What needs to be done >> For the entries presented below, indicate the number of lines that include the word "otimes", adding nothing else.

Extracted data >>
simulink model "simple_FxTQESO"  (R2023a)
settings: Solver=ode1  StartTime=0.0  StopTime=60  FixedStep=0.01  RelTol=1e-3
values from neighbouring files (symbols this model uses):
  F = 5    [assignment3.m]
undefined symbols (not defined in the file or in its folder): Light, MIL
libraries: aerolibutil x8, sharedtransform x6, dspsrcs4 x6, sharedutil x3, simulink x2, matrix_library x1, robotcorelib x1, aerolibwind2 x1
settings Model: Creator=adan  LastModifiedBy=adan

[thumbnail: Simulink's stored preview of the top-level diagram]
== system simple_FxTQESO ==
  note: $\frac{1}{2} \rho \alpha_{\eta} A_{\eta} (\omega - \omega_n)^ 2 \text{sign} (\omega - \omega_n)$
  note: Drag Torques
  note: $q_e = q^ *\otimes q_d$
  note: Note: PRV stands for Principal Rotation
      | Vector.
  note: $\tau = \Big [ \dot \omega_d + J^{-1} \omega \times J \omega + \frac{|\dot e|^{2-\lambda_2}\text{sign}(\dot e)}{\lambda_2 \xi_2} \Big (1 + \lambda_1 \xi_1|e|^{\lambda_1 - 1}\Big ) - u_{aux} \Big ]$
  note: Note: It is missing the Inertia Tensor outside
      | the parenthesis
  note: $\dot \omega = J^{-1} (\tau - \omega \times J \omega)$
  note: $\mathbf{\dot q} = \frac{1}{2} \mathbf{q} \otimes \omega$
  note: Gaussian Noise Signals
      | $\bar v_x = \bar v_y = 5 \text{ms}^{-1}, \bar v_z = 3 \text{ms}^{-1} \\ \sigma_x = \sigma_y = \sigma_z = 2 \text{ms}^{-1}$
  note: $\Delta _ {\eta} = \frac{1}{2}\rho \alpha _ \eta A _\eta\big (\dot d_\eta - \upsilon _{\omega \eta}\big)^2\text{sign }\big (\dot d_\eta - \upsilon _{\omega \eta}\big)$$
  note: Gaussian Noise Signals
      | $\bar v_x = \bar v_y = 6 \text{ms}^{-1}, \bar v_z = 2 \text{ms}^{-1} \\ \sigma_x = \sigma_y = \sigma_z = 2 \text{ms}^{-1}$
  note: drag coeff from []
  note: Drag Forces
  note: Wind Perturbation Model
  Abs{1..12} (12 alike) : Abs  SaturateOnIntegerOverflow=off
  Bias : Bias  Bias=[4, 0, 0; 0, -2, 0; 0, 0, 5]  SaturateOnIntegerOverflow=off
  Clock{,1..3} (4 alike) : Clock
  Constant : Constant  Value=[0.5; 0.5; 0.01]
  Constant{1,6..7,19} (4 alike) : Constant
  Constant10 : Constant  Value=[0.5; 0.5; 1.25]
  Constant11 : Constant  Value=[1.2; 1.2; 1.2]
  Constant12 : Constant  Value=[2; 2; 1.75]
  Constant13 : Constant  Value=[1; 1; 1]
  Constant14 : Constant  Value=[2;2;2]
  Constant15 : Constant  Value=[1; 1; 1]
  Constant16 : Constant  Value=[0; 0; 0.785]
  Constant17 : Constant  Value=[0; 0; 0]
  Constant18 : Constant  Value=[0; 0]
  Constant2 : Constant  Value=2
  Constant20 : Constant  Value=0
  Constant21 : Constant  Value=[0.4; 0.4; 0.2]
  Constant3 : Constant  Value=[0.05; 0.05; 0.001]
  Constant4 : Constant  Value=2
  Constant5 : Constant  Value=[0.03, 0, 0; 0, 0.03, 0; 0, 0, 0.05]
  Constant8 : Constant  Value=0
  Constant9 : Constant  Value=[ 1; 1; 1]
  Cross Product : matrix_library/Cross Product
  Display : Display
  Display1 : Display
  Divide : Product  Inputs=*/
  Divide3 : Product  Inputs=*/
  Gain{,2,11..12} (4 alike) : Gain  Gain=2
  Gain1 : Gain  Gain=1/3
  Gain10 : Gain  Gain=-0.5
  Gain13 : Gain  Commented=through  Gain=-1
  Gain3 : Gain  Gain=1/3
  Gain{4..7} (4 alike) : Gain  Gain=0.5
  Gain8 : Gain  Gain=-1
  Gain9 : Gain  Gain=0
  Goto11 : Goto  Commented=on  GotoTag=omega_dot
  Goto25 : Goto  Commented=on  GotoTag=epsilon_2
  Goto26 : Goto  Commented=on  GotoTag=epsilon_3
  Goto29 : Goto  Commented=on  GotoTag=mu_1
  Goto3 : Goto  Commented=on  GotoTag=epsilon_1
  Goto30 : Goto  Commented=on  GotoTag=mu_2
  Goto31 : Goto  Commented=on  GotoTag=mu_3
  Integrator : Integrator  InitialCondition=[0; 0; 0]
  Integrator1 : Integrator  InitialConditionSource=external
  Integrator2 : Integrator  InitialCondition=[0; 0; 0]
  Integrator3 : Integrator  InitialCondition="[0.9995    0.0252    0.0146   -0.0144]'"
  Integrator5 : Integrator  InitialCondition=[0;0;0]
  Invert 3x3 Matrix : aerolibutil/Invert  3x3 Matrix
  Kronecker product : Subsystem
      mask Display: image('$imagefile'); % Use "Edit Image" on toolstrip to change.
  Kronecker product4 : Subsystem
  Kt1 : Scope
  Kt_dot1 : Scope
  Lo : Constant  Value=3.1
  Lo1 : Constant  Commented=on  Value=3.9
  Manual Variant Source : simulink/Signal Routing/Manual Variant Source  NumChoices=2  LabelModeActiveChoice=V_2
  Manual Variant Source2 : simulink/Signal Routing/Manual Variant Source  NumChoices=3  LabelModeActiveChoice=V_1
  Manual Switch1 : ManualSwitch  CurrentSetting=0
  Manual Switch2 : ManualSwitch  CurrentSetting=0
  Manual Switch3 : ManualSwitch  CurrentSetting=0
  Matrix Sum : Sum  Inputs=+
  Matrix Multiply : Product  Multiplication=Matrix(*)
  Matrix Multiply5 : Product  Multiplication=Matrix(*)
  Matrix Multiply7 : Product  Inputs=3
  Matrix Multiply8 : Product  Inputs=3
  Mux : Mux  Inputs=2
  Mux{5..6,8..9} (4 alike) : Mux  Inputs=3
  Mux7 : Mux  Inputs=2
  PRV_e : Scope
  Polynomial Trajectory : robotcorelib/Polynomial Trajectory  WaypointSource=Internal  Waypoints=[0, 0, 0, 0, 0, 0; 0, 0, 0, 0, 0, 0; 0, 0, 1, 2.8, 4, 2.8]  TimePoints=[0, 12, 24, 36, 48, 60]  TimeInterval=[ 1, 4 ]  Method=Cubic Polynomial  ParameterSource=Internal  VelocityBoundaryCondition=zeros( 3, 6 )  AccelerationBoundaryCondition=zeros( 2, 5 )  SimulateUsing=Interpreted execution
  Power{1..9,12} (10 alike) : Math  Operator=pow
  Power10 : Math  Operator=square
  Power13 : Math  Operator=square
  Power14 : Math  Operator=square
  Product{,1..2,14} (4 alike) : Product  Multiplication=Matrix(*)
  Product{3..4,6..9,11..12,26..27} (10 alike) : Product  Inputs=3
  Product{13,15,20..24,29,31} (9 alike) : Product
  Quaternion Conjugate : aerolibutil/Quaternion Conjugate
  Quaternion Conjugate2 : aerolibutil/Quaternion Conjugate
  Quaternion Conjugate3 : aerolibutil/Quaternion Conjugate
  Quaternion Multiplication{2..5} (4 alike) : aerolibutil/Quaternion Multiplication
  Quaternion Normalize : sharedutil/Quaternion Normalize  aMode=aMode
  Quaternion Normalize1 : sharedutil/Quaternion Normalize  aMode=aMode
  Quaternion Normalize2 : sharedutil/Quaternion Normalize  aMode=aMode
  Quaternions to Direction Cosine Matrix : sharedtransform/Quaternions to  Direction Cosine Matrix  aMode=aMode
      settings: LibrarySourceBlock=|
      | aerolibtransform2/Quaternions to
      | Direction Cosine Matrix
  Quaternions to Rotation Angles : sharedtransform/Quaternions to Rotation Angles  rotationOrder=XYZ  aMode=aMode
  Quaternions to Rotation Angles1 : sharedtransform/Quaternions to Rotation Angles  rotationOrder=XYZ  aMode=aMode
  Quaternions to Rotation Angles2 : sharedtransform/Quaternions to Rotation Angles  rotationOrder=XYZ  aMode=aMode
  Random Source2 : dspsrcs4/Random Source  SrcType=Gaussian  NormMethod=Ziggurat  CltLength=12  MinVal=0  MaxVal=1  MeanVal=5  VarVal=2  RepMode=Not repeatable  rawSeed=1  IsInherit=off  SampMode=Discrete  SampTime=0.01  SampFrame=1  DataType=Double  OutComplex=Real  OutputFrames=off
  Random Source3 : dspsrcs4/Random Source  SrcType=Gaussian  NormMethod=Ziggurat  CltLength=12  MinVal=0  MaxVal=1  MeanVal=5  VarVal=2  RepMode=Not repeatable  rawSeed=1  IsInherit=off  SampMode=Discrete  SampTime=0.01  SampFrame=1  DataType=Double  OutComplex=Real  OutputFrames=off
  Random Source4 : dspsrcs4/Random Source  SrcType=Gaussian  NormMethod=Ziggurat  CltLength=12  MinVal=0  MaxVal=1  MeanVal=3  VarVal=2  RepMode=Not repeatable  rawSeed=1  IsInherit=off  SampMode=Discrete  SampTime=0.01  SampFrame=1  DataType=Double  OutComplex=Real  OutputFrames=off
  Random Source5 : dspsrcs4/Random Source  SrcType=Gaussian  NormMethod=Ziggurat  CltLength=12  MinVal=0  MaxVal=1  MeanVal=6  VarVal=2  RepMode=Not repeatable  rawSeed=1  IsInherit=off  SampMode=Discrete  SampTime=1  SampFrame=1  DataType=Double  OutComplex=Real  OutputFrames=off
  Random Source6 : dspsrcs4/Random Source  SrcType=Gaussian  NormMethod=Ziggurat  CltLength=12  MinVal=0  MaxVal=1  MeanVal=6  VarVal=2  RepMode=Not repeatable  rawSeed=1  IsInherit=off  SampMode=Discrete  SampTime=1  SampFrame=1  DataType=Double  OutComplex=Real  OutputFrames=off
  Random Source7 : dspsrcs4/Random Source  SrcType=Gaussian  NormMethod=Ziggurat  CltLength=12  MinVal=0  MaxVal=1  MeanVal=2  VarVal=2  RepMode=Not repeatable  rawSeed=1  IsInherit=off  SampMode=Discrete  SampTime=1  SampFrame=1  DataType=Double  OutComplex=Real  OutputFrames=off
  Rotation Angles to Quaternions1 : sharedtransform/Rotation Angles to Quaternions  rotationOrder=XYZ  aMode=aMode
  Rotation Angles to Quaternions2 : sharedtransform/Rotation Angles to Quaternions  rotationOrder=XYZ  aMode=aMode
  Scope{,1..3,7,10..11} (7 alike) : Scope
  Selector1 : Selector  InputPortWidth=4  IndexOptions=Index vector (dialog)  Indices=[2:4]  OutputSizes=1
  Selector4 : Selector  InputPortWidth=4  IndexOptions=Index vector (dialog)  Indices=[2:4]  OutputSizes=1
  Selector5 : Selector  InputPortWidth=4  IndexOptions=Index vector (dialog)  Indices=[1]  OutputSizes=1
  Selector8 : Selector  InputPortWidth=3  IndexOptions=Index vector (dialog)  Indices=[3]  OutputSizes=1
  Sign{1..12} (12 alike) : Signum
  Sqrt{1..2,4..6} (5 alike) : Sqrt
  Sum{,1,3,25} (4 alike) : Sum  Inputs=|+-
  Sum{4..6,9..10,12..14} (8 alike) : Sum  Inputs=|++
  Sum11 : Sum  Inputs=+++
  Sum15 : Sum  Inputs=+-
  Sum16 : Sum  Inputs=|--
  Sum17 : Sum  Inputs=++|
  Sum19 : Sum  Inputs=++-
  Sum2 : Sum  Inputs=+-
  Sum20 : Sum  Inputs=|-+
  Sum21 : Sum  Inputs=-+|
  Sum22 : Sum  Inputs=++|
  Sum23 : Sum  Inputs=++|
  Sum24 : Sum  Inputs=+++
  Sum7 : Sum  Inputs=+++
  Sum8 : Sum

Response to the task >> 2